(SOURCE MATERIAL Opens)

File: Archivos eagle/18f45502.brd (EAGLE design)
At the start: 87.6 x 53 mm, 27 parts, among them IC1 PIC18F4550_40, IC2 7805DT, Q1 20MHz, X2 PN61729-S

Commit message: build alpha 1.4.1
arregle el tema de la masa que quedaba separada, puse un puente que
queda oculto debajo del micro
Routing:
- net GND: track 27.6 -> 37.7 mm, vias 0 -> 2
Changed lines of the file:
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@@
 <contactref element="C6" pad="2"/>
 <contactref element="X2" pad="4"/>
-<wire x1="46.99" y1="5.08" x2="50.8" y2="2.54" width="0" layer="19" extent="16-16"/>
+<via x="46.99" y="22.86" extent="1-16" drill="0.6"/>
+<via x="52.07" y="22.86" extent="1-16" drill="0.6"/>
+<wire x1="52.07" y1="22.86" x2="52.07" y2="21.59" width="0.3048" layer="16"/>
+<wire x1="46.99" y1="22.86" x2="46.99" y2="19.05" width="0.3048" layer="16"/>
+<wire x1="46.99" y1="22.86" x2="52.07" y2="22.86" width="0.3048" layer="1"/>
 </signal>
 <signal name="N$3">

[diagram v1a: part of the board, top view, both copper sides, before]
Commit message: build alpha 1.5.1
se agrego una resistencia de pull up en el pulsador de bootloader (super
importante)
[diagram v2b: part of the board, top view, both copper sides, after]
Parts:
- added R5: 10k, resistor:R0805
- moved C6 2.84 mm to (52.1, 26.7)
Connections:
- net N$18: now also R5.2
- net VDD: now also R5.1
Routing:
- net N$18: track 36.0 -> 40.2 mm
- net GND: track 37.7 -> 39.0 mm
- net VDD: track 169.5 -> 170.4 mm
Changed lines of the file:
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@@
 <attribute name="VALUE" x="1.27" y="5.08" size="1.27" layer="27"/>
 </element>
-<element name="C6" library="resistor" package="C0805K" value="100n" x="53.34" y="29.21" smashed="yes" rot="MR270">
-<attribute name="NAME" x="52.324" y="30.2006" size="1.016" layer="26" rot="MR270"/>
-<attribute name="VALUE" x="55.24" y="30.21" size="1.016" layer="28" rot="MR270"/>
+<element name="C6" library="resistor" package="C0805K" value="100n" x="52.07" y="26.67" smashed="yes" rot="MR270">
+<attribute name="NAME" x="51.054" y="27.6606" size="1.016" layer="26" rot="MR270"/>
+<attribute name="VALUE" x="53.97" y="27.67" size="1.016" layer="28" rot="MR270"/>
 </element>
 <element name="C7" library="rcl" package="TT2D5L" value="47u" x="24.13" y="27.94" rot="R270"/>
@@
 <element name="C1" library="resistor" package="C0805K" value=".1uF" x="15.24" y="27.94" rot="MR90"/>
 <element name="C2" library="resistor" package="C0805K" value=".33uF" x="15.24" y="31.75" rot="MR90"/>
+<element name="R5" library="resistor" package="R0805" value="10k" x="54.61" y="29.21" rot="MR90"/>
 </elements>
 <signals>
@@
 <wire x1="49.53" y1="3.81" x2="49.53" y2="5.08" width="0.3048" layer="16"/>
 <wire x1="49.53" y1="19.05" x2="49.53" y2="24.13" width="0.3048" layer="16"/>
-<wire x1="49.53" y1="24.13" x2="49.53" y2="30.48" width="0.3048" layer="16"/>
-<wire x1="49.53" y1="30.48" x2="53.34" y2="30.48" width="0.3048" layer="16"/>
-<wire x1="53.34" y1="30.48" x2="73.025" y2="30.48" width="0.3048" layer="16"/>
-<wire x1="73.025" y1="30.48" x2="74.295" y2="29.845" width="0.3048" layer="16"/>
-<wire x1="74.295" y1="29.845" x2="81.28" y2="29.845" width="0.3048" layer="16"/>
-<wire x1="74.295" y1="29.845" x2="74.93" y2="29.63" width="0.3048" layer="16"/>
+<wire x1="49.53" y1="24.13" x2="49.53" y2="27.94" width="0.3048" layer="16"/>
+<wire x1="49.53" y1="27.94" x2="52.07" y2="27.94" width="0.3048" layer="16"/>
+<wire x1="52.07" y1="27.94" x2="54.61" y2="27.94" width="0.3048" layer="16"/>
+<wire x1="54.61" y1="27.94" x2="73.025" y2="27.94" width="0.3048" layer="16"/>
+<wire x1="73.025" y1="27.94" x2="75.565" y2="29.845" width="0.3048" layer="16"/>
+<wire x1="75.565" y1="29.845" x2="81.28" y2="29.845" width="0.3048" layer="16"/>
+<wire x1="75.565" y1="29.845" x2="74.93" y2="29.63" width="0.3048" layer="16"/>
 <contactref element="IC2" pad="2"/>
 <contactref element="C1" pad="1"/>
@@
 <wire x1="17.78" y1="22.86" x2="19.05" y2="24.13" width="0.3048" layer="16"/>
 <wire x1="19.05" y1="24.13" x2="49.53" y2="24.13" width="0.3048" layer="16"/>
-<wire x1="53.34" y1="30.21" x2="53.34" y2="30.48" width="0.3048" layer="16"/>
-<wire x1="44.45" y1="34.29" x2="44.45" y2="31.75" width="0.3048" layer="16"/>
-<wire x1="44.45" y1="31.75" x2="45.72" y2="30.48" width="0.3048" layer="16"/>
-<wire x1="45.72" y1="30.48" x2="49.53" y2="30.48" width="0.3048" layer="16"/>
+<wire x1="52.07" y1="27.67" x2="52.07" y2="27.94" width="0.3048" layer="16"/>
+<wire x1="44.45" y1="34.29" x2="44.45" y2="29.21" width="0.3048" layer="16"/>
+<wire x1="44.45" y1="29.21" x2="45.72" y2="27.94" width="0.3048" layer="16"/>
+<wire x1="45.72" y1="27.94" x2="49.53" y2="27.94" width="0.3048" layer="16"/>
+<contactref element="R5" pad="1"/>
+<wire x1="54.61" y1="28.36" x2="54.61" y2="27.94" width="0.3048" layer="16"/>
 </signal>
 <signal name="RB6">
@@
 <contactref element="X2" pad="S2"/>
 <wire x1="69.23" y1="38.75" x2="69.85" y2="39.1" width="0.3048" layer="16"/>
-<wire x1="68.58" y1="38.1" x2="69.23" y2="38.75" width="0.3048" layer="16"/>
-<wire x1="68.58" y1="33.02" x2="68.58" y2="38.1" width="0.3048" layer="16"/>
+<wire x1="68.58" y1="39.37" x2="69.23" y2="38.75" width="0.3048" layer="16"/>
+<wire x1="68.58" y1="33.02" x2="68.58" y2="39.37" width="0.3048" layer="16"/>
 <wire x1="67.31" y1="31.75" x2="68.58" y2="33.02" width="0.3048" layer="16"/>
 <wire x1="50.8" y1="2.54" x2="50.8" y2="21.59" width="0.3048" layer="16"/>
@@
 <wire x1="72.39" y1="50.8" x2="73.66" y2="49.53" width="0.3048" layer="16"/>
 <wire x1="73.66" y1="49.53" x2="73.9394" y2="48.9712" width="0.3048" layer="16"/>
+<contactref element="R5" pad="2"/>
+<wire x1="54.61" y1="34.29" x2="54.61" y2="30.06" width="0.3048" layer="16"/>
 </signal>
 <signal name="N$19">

(SOURCE MATERIAL Closes)

= WORK ORDER =
For the data above, give the number of lines in which the word "board" appears, and nothing more.

= SOLUTION BELOW =
2